**EXERCISE PROMPT:**
Only the pictures are to be left out; set down the rest of the records exactly.

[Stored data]
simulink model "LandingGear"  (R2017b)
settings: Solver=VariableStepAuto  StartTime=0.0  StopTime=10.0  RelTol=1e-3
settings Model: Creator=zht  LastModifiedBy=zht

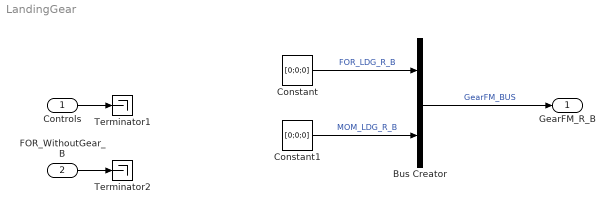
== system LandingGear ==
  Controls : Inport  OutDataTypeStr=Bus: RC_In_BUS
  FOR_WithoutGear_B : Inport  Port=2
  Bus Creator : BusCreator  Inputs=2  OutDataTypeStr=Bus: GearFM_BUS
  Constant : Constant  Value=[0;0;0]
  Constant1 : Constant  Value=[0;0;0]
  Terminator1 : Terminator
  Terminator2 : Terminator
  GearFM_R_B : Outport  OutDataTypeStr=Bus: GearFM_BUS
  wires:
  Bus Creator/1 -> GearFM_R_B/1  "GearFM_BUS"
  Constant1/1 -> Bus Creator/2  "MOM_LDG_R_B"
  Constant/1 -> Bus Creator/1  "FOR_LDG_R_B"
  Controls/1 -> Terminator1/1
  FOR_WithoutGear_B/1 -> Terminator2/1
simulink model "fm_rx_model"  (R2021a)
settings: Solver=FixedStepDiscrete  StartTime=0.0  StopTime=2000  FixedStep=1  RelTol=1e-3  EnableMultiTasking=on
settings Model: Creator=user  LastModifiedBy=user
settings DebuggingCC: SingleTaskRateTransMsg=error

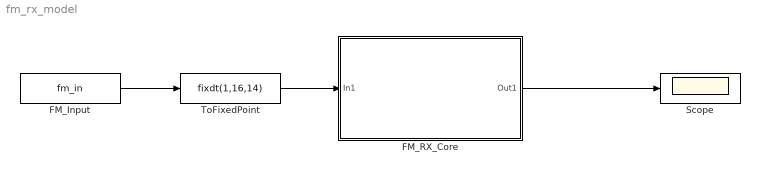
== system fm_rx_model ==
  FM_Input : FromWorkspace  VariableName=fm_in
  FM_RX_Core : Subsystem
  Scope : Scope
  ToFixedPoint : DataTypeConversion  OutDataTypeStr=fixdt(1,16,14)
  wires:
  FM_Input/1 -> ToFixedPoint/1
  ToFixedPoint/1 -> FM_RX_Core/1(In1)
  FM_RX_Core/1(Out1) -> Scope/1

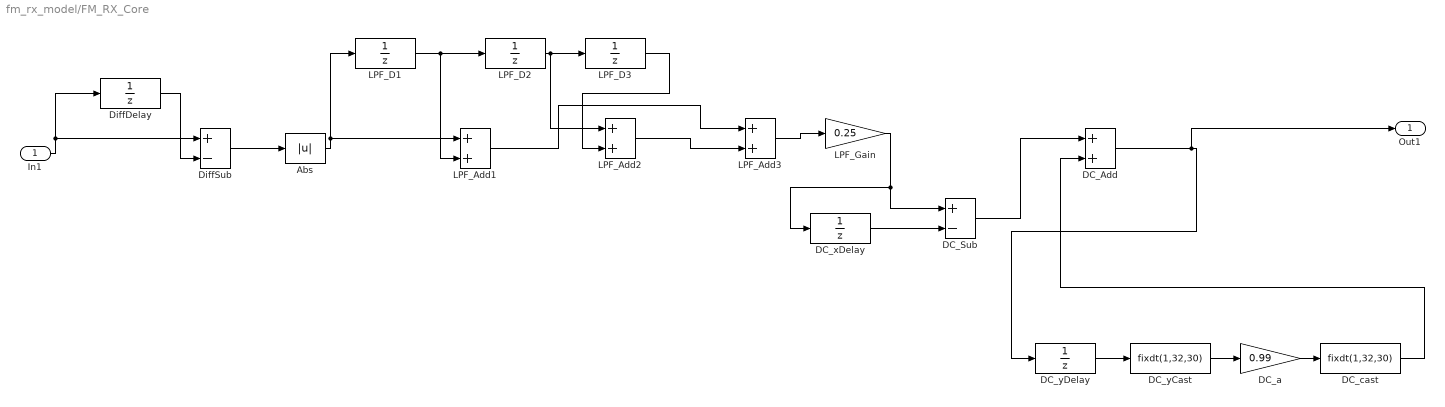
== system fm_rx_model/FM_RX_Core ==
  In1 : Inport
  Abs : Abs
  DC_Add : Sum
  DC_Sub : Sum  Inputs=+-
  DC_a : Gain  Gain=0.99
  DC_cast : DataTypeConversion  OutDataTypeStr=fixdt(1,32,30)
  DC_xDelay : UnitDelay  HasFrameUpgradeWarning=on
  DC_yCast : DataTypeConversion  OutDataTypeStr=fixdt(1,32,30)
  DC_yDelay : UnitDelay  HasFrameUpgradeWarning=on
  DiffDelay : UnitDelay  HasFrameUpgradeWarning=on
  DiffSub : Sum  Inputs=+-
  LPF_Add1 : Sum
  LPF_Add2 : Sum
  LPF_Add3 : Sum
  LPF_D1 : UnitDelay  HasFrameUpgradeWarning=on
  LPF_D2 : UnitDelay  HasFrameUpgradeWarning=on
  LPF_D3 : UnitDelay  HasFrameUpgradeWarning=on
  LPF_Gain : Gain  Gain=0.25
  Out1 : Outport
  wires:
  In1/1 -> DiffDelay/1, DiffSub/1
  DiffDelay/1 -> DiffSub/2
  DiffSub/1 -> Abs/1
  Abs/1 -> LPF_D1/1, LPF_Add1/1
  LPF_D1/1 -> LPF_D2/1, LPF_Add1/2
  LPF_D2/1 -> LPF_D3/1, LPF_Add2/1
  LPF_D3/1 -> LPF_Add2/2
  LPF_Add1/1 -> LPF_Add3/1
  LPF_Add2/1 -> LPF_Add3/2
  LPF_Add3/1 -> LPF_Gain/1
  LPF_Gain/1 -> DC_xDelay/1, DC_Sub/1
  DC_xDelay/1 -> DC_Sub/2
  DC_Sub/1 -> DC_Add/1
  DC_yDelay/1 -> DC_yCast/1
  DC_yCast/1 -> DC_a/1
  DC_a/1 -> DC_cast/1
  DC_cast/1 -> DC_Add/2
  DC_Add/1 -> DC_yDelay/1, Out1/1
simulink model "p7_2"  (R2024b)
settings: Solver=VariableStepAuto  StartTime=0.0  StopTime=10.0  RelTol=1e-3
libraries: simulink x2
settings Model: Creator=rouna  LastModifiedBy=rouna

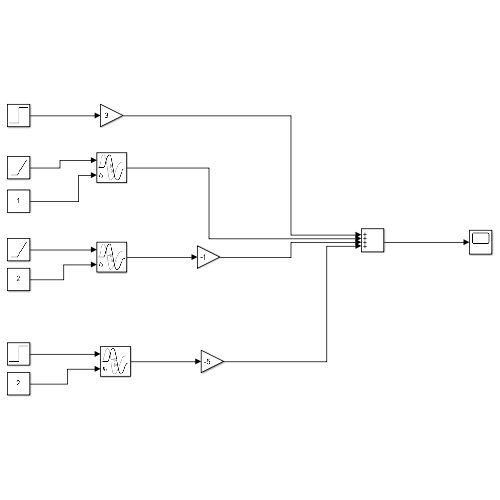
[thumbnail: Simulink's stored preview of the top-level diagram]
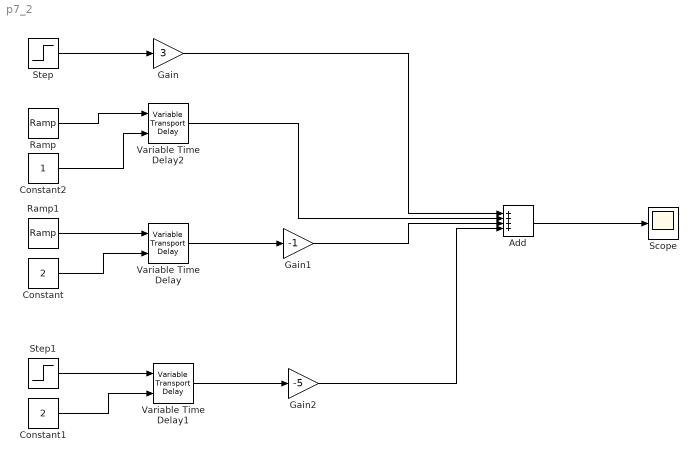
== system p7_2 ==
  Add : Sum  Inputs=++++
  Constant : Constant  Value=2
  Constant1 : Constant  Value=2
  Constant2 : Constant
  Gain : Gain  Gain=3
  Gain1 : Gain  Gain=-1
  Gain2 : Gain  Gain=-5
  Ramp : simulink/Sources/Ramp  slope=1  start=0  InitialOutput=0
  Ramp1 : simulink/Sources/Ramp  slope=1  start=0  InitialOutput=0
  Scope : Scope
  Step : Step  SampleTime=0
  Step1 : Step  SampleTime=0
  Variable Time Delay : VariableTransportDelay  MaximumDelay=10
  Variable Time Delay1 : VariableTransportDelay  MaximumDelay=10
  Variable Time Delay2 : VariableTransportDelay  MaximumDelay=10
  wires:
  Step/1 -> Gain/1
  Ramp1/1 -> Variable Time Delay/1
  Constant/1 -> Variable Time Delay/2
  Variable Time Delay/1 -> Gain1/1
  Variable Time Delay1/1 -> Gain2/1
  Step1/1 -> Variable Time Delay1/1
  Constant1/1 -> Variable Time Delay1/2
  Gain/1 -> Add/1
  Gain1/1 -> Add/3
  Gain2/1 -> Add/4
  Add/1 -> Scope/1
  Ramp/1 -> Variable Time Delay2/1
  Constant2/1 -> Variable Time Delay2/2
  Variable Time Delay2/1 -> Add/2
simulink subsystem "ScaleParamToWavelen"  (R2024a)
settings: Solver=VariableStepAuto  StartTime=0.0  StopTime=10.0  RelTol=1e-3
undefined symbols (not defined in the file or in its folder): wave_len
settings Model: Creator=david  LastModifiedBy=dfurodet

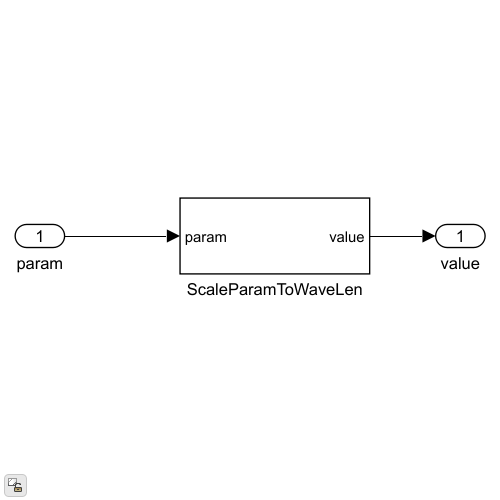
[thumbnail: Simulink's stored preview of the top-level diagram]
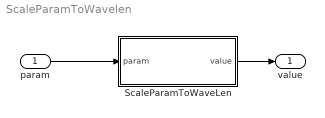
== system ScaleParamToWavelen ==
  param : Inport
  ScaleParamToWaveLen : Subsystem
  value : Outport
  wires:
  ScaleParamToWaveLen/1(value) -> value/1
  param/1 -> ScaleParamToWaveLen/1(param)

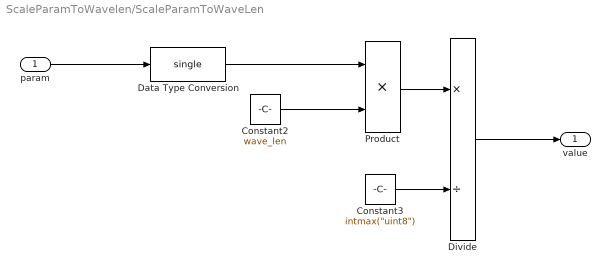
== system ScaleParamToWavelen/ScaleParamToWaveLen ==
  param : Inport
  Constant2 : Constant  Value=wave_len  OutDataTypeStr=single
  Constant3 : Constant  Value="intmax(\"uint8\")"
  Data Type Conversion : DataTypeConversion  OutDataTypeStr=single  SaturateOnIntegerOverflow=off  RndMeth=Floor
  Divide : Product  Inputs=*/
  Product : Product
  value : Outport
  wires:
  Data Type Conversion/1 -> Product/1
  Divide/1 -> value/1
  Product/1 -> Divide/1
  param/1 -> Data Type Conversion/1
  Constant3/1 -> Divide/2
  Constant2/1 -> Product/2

**SOLUTION TO THE EXERCISE:**
simulink model "LandingGear"  (R2017b)
settings: Solver=VariableStepAuto  StartTime=0.0  StopTime=10.0  RelTol=1e-3
settings Model: Creator=zht  LastModifiedBy=zht

== system LandingGear ==
  Controls : Inport  OutDataTypeStr=Bus: RC_In_BUS
  FOR_WithoutGear_B : Inport  Port=2
  Bus Creator : BusCreator  Inputs=2  OutDataTypeStr=Bus: GearFM_BUS
  Constant : Constant  Value=[0;0;0]
  Constant1 : Constant  Value=[0;0;0]
  Terminator1 : Terminator
  Terminator2 : Terminator
  GearFM_R_B : Outport  OutDataTypeStr=Bus: GearFM_BUS
  wires:
  Bus Creator/1 -> GearFM_R_B/1  "GearFM_BUS"
  Constant1/1 -> Bus Creator/2  "MOM_LDG_R_B"
  Constant/1 -> Bus Creator/1  "FOR_LDG_R_B"
  Controls/1 -> Terminator1/1
  FOR_WithoutGear_B/1 -> Terminator2/1
simulink model "fm_rx_model"  (R2021a)
settings: Solver=FixedStepDiscrete  StartTime=0.0  StopTime=2000  FixedStep=1  RelTol=1e-3  EnableMultiTasking=on
settings Model: Creator=user  LastModifiedBy=user
settings DebuggingCC: SingleTaskRateTransMsg=error

== system fm_rx_model ==
  FM_Input : FromWorkspace  VariableName=fm_in
  FM_RX_Core : Subsystem
  Scope : Scope
  ToFixedPoint : DataTypeConversion  OutDataTypeStr=fixdt(1,16,14)
  wires:
  FM_Input/1 -> ToFixedPoint/1
  ToFixedPoint/1 -> FM_RX_Core/1(In1)
  FM_RX_Core/1(Out1) -> Scope/1

== system fm_rx_model/FM_RX_Core ==
  In1 : Inport
  Abs : Abs
  DC_Add : Sum
  DC_Sub : Sum  Inputs=+-
  DC_a : Gain  Gain=0.99
  DC_cast : DataTypeConversion  OutDataTypeStr=fixdt(1,32,30)
  DC_xDelay : UnitDelay  HasFrameUpgradeWarning=on
  DC_yCast : DataTypeConversion  OutDataTypeStr=fixdt(1,32,30)
  DC_yDelay : UnitDelay  HasFrameUpgradeWarning=on
  DiffDelay : UnitDelay  HasFrameUpgradeWarning=on
  DiffSub : Sum  Inputs=+-
  LPF_Add1 : Sum
  LPF_Add2 : Sum
  LPF_Add3 : Sum
  LPF_D1 : UnitDelay  HasFrameUpgradeWarning=on
  LPF_D2 : UnitDelay  HasFrameUpgradeWarning=on
  LPF_D3 : UnitDelay  HasFrameUpgradeWarning=on
  LPF_Gain : Gain  Gain=0.25
  Out1 : Outport
  wires:
  In1/1 -> DiffDelay/1, DiffSub/1
  DiffDelay/1 -> DiffSub/2
  DiffSub/1 -> Abs/1
  Abs/1 -> LPF_D1/1, LPF_Add1/1
  LPF_D1/1 -> LPF_D2/1, LPF_Add1/2
  LPF_D2/1 -> LPF_D3/1, LPF_Add2/1
  LPF_D3/1 -> LPF_Add2/2
  LPF_Add1/1 -> LPF_Add3/1
  LPF_Add2/1 -> LPF_Add3/2
  LPF_Add3/1 -> LPF_Gain/1
  LPF_Gain/1 -> DC_xDelay/1, DC_Sub/1
  DC_xDelay/1 -> DC_Sub/2
  DC_Sub/1 -> DC_Add/1
  DC_yDelay/1 -> DC_yCast/1
  DC_yCast/1 -> DC_a/1
  DC_a/1 -> DC_cast/1
  DC_cast/1 -> DC_Add/2
  DC_Add/1 -> DC_yDelay/1, Out1/1
simulink model "p7_2"  (R2024b)
settings: Solver=VariableStepAuto  StartTime=0.0  StopTime=10.0  RelTol=1e-3
libraries: simulink x2
settings Model: Creator=rouna  LastModifiedBy=rouna

[thumbnail: Simulink's stored preview of the top-level diagram]
== system p7_2 ==
  Add : Sum  Inputs=++++
  Constant : Constant  Value=2
  Constant1 : Constant  Value=2
  Constant2 : Constant
  Gain : Gain  Gain=3
  Gain1 : Gain  Gain=-1
  Gain2 : Gain  Gain=-5
  Ramp : simulink/Sources/Ramp  slope=1  start=0  InitialOutput=0
  Ramp1 : simulink/Sources/Ramp  slope=1  start=0  InitialOutput=0
  Scope : Scope
  Step : Step  SampleTime=0
  Step1 : Step  SampleTime=0
  Variable Time Delay : VariableTransportDelay  MaximumDelay=10
  Variable Time Delay1 : VariableTransportDelay  MaximumDelay=10
  Variable Time Delay2 : VariableTransportDelay  MaximumDelay=10
  wires:
  Step/1 -> Gain/1
  Ramp1/1 -> Variable Time Delay/1
  Constant/1 -> Variable Time Delay/2
  Variable Time Delay/1 -> Gain1/1
  Variable Time Delay1/1 -> Gain2/1
  Step1/1 -> Variable Time Delay1/1
  Constant1/1 -> Variable Time Delay1/2
  Gain/1 -> Add/1
  Gain1/1 -> Add/3
  Gain2/1 -> Add/4
  Add/1 -> Scope/1
  Ramp/1 -> Variable Time Delay2/1
  Constant2/1 -> Variable Time Delay2/2
  Variable Time Delay2/1 -> Add/2
simulink subsystem "ScaleParamToWavelen"  (R2024a)
settings: Solver=VariableStepAuto  StartTime=0.0  StopTime=10.0  RelTol=1e-3
undefined symbols (not defined in the file or in its folder): wave_len
settings Model: Creator=david  LastModifiedBy=dfurodet

[thumbnail: Simulink's stored preview of the top-level diagram]
== system ScaleParamToWavelen ==
  param : Inport
  ScaleParamToWaveLen : Subsystem
  value : Outport
  wires:
  ScaleParamToWaveLen/1(value) -> value/1
  param/1 -> ScaleParamToWaveLen/1(param)

== system ScaleParamToWavelen/ScaleParamToWaveLen ==
  param : Inport
  Constant2 : Constant  Value=wave_len  OutDataTypeStr=single
  Constant3 : Constant  Value="intmax(\"uint8\")"
  Data Type Conversion : DataTypeConversion  OutDataTypeStr=single  SaturateOnIntegerOverflow=off  RndMeth=Floor
  Divide : Product  Inputs=*/
  Product : Product
  value : Outport
  wires:
  Data Type Conversion/1 -> Product/1
  Divide/1 -> value/1
  Product/1 -> Divide/1
  param/1 -> Data Type Conversion/1
  Constant3/1 -> Divide/2
  Constant2/1 -> Product/2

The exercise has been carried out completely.